Auf jeden Fall ein sich verstärkendes. In der Antwort auf eine schriftliche Frage an die Bundesregierung aus dem Jahr 2016 sehen wir, dass die Zahl der Ermittlungsverfahren nach Paragraf 219a zunimmt; waren es zwischen 2010 und 2014 nur zwischen zwei und 14 pro Jahr, waren es 2015 schon 27. Und 2016 waren es laut polizeilicher Kriminalstatistik des BKA schon 35.
Aber der Streit um die Gesetzgebung zu Schwangerschaftsabbrüchen ist doch nicht neu. Das ist seit Jahrzehnten ein Thema der Frauenbewegung.
Natürlich. Damals ging es vor allem darum, den Zugang zu Schwangerschaftsabbrüchen überhaupt zu ermöglichen. Die Debatte Anfang der siebziger Jahre und die Forderung „Mein Bauch gehört mir“ haben damals maßgeblich zu meiner eigenen Politisierung beigetragen. Damals wurde mir klar, dass es bei dem Thema grundlegend um das Selbstbestimmungsrecht für Frauen geht: Es kann doch nicht sein, dass andere über uns bestimmen! Und dann gehen mehr als 40 Jahre ins Land, und manche Leute tun immer noch so, als würden Frauen durch Abtreibungen verhüten. Als wäre solch ein Eingriff für sie etwas Normales. Welche Frau findet das denn normal? Das ist immer eine heftige innere Auseinandersetzung. Aber letztendlich muss die Frau doch die Freiheit haben, selbst zu entscheiden.
57, ist frauenpolitische Sprecherin der Linksfraktion im Bundestag. Sie wird am 24. November zum Prozess gegen Kristina Hänel in Gießen fahren und dort auf einer Kundgebung vor dem Amtsgericht sprechen.

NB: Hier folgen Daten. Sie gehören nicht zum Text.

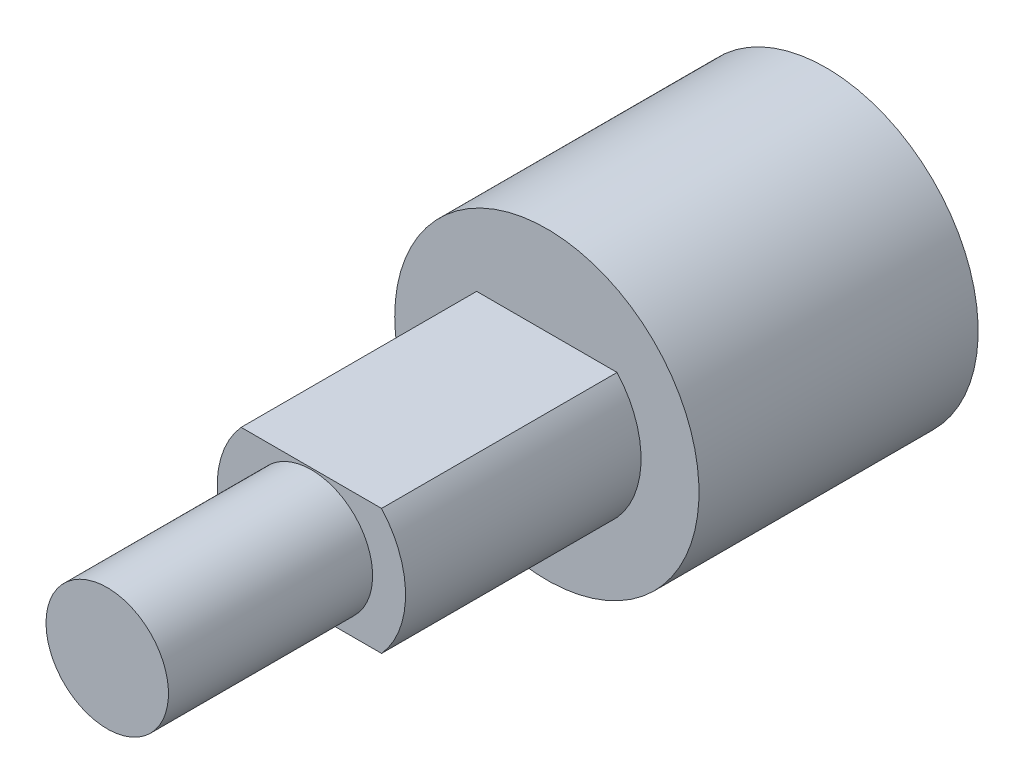
ISO-10303-21;
HEADER;
FILE_DESCRIPTION(('STEP AP214'),'2;1');
FILE_NAME('part.step','',(''),(''),'','','');
FILE_SCHEMA(('AUTOMOTIVE_DESIGN { 1 0 10303 214 1 1 1 1 }'));
ENDSEC;
DATA;
#1=APPLICATION_CONTEXT('core data for automotive mechanical design processes');
#2=APPLICATION_PROTOCOL_DEFINITION('international standard','automotive_design',2000,#1);
#3=PRODUCT_CONTEXT('',#1,'mechanical');
#4=PRODUCT('Part','Part','',(#3));
#5=PRODUCT_RELATED_PRODUCT_CATEGORY('part','',(#4));
#6=PRODUCT_DEFINITION_FORMATION('','',#4);
#7=PRODUCT_DEFINITION_CONTEXT('part definition',#1,'design');
#8=PRODUCT_DEFINITION('design','',#6,#7);
#9=PRODUCT_DEFINITION_SHAPE('','',#8);
#10=(LENGTH_UNIT() NAMED_UNIT(*) SI_UNIT(.MILLI.,.METRE.));
#11=(NAMED_UNIT(*) PLANE_ANGLE_UNIT() SI_UNIT($,.RADIAN.));
#12=(NAMED_UNIT(*) SI_UNIT($,.STERADIAN.) SOLID_ANGLE_UNIT());
#13=UNCERTAINTY_MEASURE_WITH_UNIT(LENGTH_MEASURE(1.E-05),#10,'distance_accuracy_value','');
#14=(GEOMETRIC_REPRESENTATION_CONTEXT(3) GLOBAL_UNCERTAINTY_ASSIGNED_CONTEXT((#13)) GLOBAL_UNIT_ASSIGNED_CONTEXT((#10,
#11,#12)) REPRESENTATION_CONTEXT('',''));
#15=CARTESIAN_POINT('',(0.,0.,0.));
#16=DIRECTION('',(0.,0.,1.));
#17=DIRECTION('',(1.,0.,0.));
#18=AXIS2_PLACEMENT_3D('',#15,#16,#17);
#19=CARTESIAN_POINT('',(0.,0.,16.39));
#20=DIRECTION('',(0.,0.,1.));
#21=DIRECTION('',(1.,0.,0.));
#22=AXIS2_PLACEMENT_3D('',#19,#20,#21);
#23=PLANE('',#22);
#24=CARTESIAN_POINT('',(0.,0.,16.39));
#25=DIRECTION('',(0.,0.,1.));
#26=DIRECTION('',(1.,0.,0.));
#27=AXIS2_PLACEMENT_3D('',#24,#25,#26);
#28=CIRCLE('',#27,3.);
#29=CARTESIAN_POINT('',(-2.23606797749979,2.,16.39));
#30=VERTEX_POINT('',#29);
#31=CARTESIAN_POINT('',(-2.23606797749979,-2.,16.39));
#32=VERTEX_POINT('',#31);
#33=EDGE_CURVE('E82',#30,#32,#28,.T.);
#34=ORIENTED_EDGE('',*,*,#33,.T.);
#35=DIRECTION('',(1.,0.,0.));
#36=VECTOR('',#35,1.);
#37=CARTESIAN_POINT('',(-2.23606797749979,-2.,16.39));
#38=LINE('',#37,#36);
#39=CARTESIAN_POINT('',(2.23606797749979,-2.,16.39));
#40=VERTEX_POINT('',#39);
#41=EDGE_CURVE('E77',#32,#40,#38,.T.);
#42=ORIENTED_EDGE('',*,*,#41,.T.);
#43=CARTESIAN_POINT('',(0.,0.,16.39));
#44=DIRECTION('',(0.,0.,1.));
#45=DIRECTION('',(1.,0.,0.));
#46=AXIS2_PLACEMENT_3D('',#43,#44,#45);
#47=CIRCLE('',#46,3.);
#48=CARTESIAN_POINT('',(2.23606797749979,2.,16.39));
#49=VERTEX_POINT('',#48);
#50=EDGE_CURVE('E80',#40,#49,#47,.T.);
#51=ORIENTED_EDGE('',*,*,#50,.T.);
#52=DIRECTION('',(-1.,0.,0.));
#53=VECTOR('',#52,1.);
#54=CARTESIAN_POINT('',(-2.23606797749979,2.,16.39));
#55=LINE('',#54,#53);
#56=EDGE_CURVE('E56',#49,#30,#55,.T.);
#57=ORIENTED_EDGE('',*,*,#56,.T.);
#58=EDGE_LOOP('',(#34,#42,#51,#57));
#59=FACE_BOUND('',#58,.T.);
#60=CARTESIAN_POINT('',(0.,0.,16.39));
#61=DIRECTION('',(0.,0.,1.));
#62=DIRECTION('',(1.,0.,0.));
#63=AXIS2_PLACEMENT_3D('',#60,#61,#62);
#64=CIRCLE('',#63,1.95);
#65=CARTESIAN_POINT('',(-1.95,0.,16.39));
#66=VERTEX_POINT('',#65);
#67=EDGE_CURVE('E161',#66,#66,#64,.T.);
#68=ORIENTED_EDGE('',*,*,#67,.F.);
#69=EDGE_LOOP('',(#68));
#70=FACE_BOUND('',#69,.T.);
#71=ADVANCED_FACE('F33',(#59,#70),#23,.T.);
#72=CARTESIAN_POINT('',(0.,0.,8.89));
#73=DIRECTION('',(0.,0.,1.));
#74=DIRECTION('',(1.,0.,0.));
#75=AXIS2_PLACEMENT_3D('',#72,#73,#74);
#76=PLANE('',#75);
#77=CARTESIAN_POINT('',(0.,0.,8.89));
#78=DIRECTION('',(0.,0.,1.));
#79=DIRECTION('',(1.,0.,0.));
#80=AXIS2_PLACEMENT_3D('',#77,#78,#79);
#81=CIRCLE('',#80,4.845);
#82=CARTESIAN_POINT('',(-4.845,0.,8.89));
#83=VERTEX_POINT('',#82);
#84=EDGE_CURVE('E11',#83,#83,#81,.T.);
#85=ORIENTED_EDGE('',*,*,#84,.T.);
#86=EDGE_LOOP('',(#85));
#87=FACE_BOUND('',#86,.T.);
#88=DIRECTION('',(1.,0.,0.));
#89=VECTOR('',#88,1.);
#90=CARTESIAN_POINT('',(-2.23606797749979,-2.,8.89));
#91=LINE('',#90,#89);
#92=CARTESIAN_POINT('',(-2.23606797749979,-2.,8.89));
#93=VERTEX_POINT('',#92);
#94=CARTESIAN_POINT('',(2.23606797749979,-2.,8.89));
#95=VERTEX_POINT('',#94);
#96=EDGE_CURVE('E89',#93,#95,#91,.T.);
#97=ORIENTED_EDGE('',*,*,#96,.F.);
#98=CARTESIAN_POINT('',(0.,0.,8.89));
#99=DIRECTION('',(0.,0.,1.));
#100=DIRECTION('',(1.,0.,0.));
#101=AXIS2_PLACEMENT_3D('',#98,#99,#100);
#102=CIRCLE('',#101,3.);
#103=CARTESIAN_POINT('',(-2.23606797749979,2.,8.89));
#104=VERTEX_POINT('',#103);
#105=EDGE_CURVE('E100',#104,#93,#102,.T.);
#106=ORIENTED_EDGE('',*,*,#105,.F.);
#107=DIRECTION('',(-1.,0.,0.));
#108=VECTOR('',#107,1.);
#109=CARTESIAN_POINT('',(-2.23606797749979,2.,8.89));
#110=LINE('',#109,#108);
#111=CARTESIAN_POINT('',(2.23606797749979,2.,8.89));
#112=VERTEX_POINT('',#111);
#113=EDGE_CURVE('E70',#112,#104,#110,.T.);
#114=ORIENTED_EDGE('',*,*,#113,.F.);
#115=CARTESIAN_POINT('',(0.,0.,8.89));
#116=DIRECTION('',(0.,0.,1.));
#117=DIRECTION('',(1.,0.,0.));
#118=AXIS2_PLACEMENT_3D('',#115,#116,#117);
#119=CIRCLE('',#118,3.);
#120=EDGE_CURVE('E105',#95,#112,#119,.T.);
#121=ORIENTED_EDGE('',*,*,#120,.F.);
#122=EDGE_LOOP('',(#97,#106,#114,#121));
#123=FACE_BOUND('',#122,.T.);
#124=ADVANCED_FACE('F121',(#87,#123),#76,.T.);
#125=CARTESIAN_POINT('',(0.,0.,0.));
#126=DIRECTION('',(0.,0.,1.));
#127=DIRECTION('',(1.,0.,0.));
#128=AXIS2_PLACEMENT_3D('',#125,#126,#127);
#129=PLANE('',#128);
#130=CARTESIAN_POINT('',(0.,0.,0.));
#131=DIRECTION('',(0.,0.,1.));
#132=DIRECTION('',(1.,0.,0.));
#133=AXIS2_PLACEMENT_3D('',#130,#131,#132);
#134=CIRCLE('',#133,4.845);
#135=CARTESIAN_POINT('',(-4.845,0.,0.));
#136=VERTEX_POINT('',#135);
#137=EDGE_CURVE('E37',#136,#136,#134,.T.);
#138=ORIENTED_EDGE('',*,*,#137,.F.);
#139=EDGE_LOOP('',(#138));
#140=FACE_BOUND('',#139,.T.);
#141=CARTESIAN_POINT('',(0.,0.,0.));
#142=DIRECTION('',(0.,0.,1.));
#143=DIRECTION('',(1.,0.,0.));
#144=AXIS2_PLACEMENT_3D('',#141,#142,#143);
#145=CIRCLE('',#144,1.5);
#146=CARTESIAN_POINT('',(-1.5,0.,0.));
#147=VERTEX_POINT('',#146);
#148=EDGE_CURVE('E111',#147,#147,#145,.T.);
#149=ORIENTED_EDGE('',*,*,#148,.T.);
#150=EDGE_LOOP('',(#149));
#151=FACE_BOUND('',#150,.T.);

Nun geht es beim Paragrafen 219a ja nicht um den Abbruch an sich, sondern um Werbung dafür. Warum ist das so wichtig?
Ich bin ganz grundsätzlich der Meinung, dass Schwangerschaftsabbrüche nicht ins Strafgesetzbuch gehören. Das schließt den Paragrafen 219a ein. Um so mehr, wenn wir sehen, wie er aktuell missbraucht wird. Eine Frau muss das Recht haben, sich unabhängig zu informieren. Und zwar sowohl über mögliche Methoden zum Abbruch wie auch über die Ärztinnen und Ärzte, an die sie sich wenden kann.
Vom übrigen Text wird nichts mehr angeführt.